Well, not yet but I'm going to make chicken soup today to help me recover from this dang ol cold that attacked yesterday. This soup is dual purpose as it makes both soup and enables me to freeze tender cooked chicken for later in the week. This is the plan, get a big pot (Dutch oven) and either melt a blob of butter or pour in a couple tablespoons of lightly flavored oil (as in, not olive or coconut) and low-medium heat. Open big pack of chicken breasts with bones and skin and place in the pot. Making this with the bones and skin still on the poultry improves the flavor and texture of both finished products by 1000%. If you live in the Northeast or somewhere where all of the packaged chicken is boneless and skinless, complain!
As the chicken is browning chop onions, celery, green peppers (or whatever peppers you like) carrots and garlic and pile them on top of the chicken in the pot.
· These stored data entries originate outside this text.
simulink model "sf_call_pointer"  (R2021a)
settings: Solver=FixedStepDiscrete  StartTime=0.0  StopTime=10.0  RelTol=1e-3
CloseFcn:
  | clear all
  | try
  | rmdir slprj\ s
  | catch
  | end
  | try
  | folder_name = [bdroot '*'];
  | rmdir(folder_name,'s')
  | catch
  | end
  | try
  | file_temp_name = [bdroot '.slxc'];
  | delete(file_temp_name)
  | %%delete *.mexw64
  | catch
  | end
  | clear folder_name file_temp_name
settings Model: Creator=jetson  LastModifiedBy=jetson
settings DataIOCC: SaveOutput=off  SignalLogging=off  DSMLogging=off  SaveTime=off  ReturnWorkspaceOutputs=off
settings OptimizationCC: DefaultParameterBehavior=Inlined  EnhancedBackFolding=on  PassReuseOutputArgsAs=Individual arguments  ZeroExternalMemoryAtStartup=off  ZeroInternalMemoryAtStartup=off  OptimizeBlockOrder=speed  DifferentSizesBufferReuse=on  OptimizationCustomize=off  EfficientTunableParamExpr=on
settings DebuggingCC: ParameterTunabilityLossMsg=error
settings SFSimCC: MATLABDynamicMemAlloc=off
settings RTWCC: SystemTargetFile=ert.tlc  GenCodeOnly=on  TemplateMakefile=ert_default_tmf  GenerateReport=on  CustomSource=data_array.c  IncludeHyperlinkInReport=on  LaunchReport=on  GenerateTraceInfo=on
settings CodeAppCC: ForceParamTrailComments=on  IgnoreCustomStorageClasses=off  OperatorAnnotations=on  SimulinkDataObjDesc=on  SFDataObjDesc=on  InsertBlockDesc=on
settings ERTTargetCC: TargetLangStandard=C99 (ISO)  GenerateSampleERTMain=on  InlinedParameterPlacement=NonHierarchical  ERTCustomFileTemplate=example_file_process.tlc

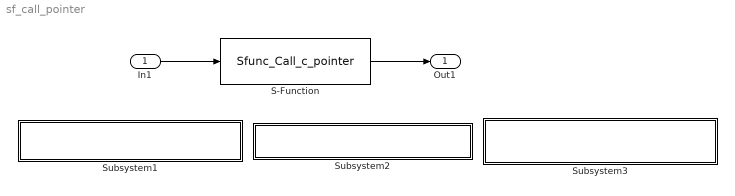
== system sf_call_pointer ==
  In1 : Inport  PortDimensions=100
      settings: AttributesFormatString=Data Type : %<OutDataTypeStr>
  S-Function : S-Function  FunctionName=Sfunc_Call_c_pointer  SFunctionDeploymentMode=off  EnableBusSupport=off
  Subsystem1 : Subsystem
      settings: OpenFcn=mex -IC_Files ./Sfunction_TLC/Sfunc_Call_c_pointer.c ./C_Files/data_array.c -outdir ./Sfunction_TLC/
      mask Display:
      | color('r')
      | disp('double click will compile Sfunc_Call_c_pointer.c')
  Subsystem2 : Subsystem
      settings: OpenFcn=edit Sfunc_Call_c_pointer.c
      mask Display:
      | color('r')
      | disp('double click will open Sfunc_Call_c_pointer.c')
  Subsystem3 : Subsystem
      settings: OpenFcn=edit Sfunc_Call_c_pointer.tlc
      mask Display:
      | color('r')
      | disp('double click will compile Sfunc_Call_c_pointer.tlc')
  Out1 : Outport
      settings: AttributesFormatString=Data Type : %<OutDataTypeStr>
  wires:
  In1/1 -> S-Function/1
  S-Function/1 -> Out1/1

== system sf_call_pointer/Subsystem1 ==

== system sf_call_pointer/Subsystem2 ==

== system sf_call_pointer/Subsystem3 ==

Put a lid on it and cook for fifteen minutes or so. When the veggies are brightly colored, pour 8 cups of water in the pot and a liberal pinch of salt. Raise the heat to medium and cover again until it's at a high simmer and the chicken looks done. Then, reduce heat to a low simmer, cover and let it cook for an hour or two, until the chicken practically slides off the bones.
Take the chicken out of the pot and let cool separately. I keep two of the breasts for the soup, and put the rest in individual freezer bags to freeze for later. Then, when I have herbs, parsley, dill, cilantro, I add them to the soup towards the end. Yum!